* [What is needed]: Repeat, line for line, only the span that opens at the "[diagram v0a: schematic, before]" line and closes at the final line below. Skip the pictures.

* [Records for the task]:
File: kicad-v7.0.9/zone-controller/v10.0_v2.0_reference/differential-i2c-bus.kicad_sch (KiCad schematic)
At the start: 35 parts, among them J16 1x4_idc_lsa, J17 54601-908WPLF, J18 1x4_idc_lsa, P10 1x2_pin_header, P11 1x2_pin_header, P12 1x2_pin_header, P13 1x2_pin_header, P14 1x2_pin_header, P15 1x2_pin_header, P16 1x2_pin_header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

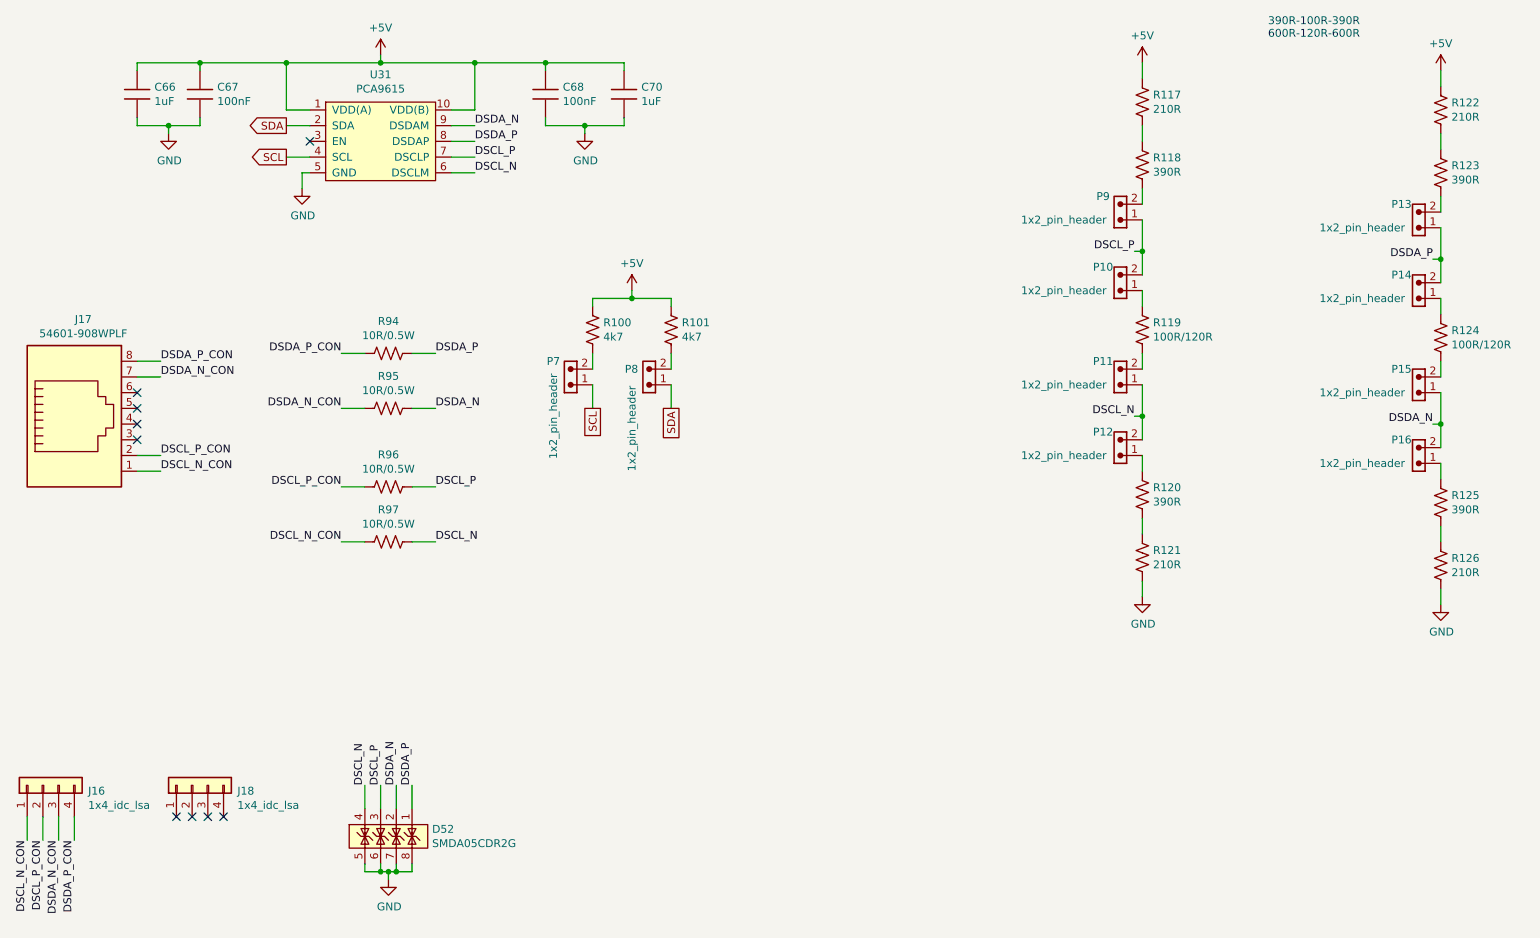
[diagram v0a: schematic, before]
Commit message: Zone controller. Change library. Small changes in schematic a PCB.
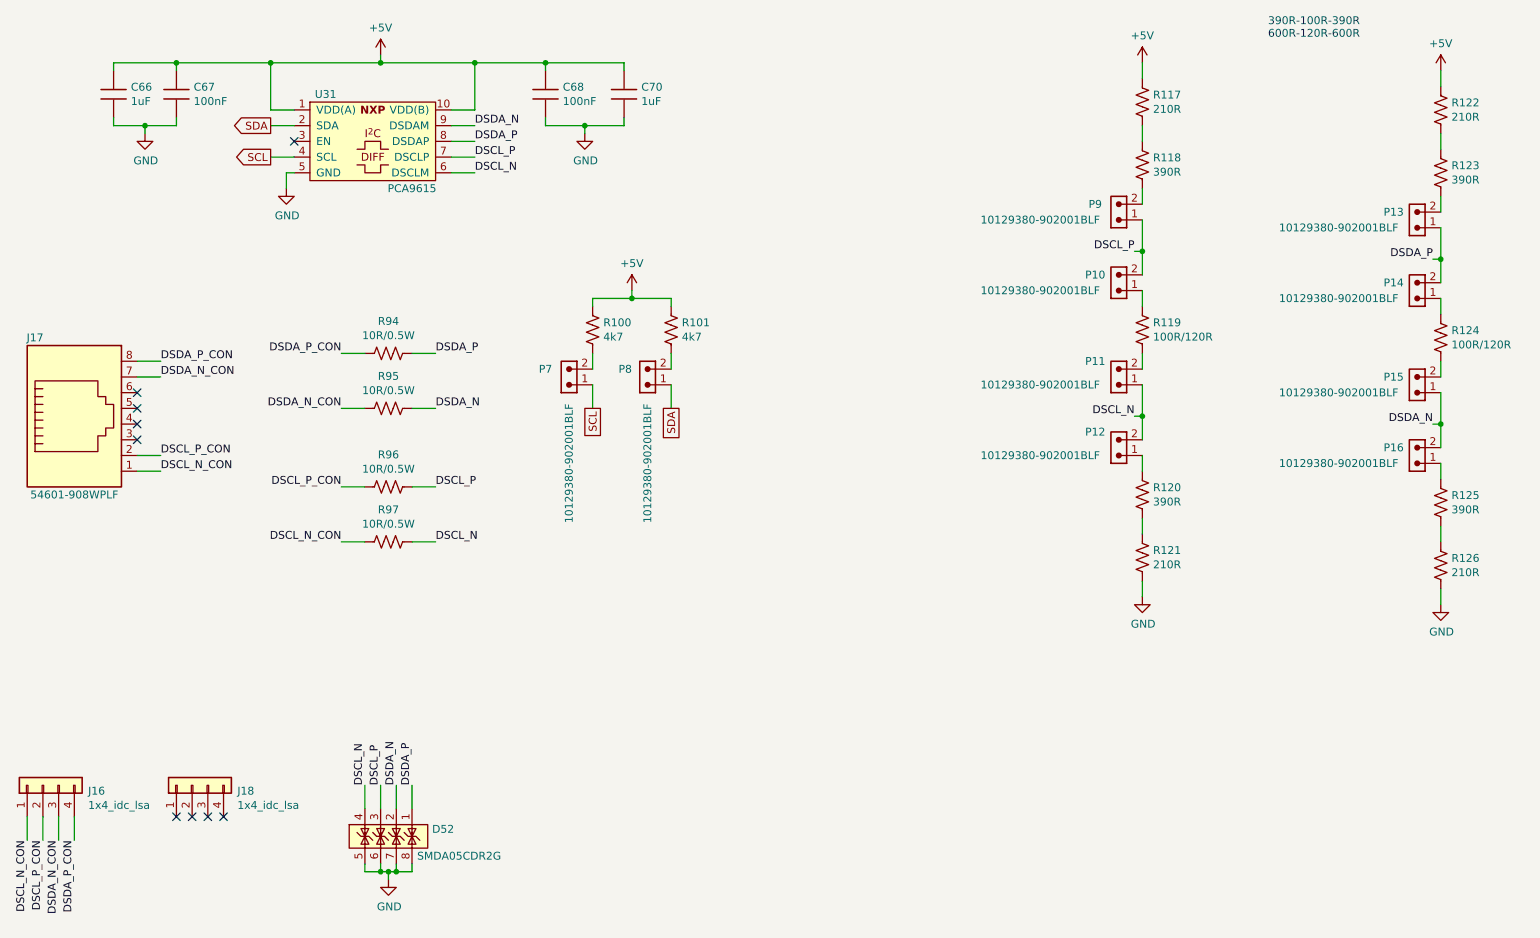
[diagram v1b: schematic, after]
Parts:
- C66, C67, C68, C70: symbol passive_component_rl:capacitor -> capacitor_smd_rl:c_1206
- D52: symbol diode_rl:SMDA05CDR2G -> transil_diode_smd_rl:SMDA05CDR2G
- J17: symbol connector_rl:rj45 -> connector_rj45_tht_rl:54601-908WPLF
- P10, P11, P12, P13, P14, P15, P16, P7, P8, P9: value 1x2_pin_header -> 10129380-902001BLF; symbol connector_rl:1x2_pin_header -> connector_smd_pin_header_2.54mm_rl:10129380-902001BLF
- R100, R101, R117, R118, R119, R120, R121, R122, R123, R124, R125, R126, R94, R95, R96, R97: symbol passive_component_rl:resistor_us -> resistor_smd_rl:r_1206_us
- U31: Manufacture NXP Semiconductors -> (none); Manufacturer (none) -> NXP Semiconductors
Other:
- moved on the sheet: C66, C67

* [Answer box]:
[diagram v0a: schematic, before]
Commit message: Zone controller. Change library. Small changes in schematic a PCB.
[diagram v1b: schematic, after]
Parts:
- C66, C67, C68, C70: symbol passive_component_rl:capacitor -> capacitor_smd_rl:c_1206
- D52: symbol diode_rl:SMDA05CDR2G -> transil_diode_smd_rl:SMDA05CDR2G
- J17: symbol connector_rl:rj45 -> connector_rj45_tht_rl:54601-908WPLF
- P10, P11, P12, P13, P14, P15, P16, P7, P8, P9: value 1x2_pin_header -> 10129380-902001BLF; symbol connector_rl:1x2_pin_header -> connector_smd_pin_header_2.54mm_rl:10129380-902001BLF
- R100, R101, R117, R118, R119, R120, R121, R122, R123, R124, R125, R126, R94, R95, R96, R97: symbol passive_component_rl:resistor_us -> resistor_smd_rl:r_1206_us
- U31: Manufacture NXP Semiconductors -> (none); Manufacturer (none) -> NXP Semiconductors
Other:
- moved on the sheet: C66, C67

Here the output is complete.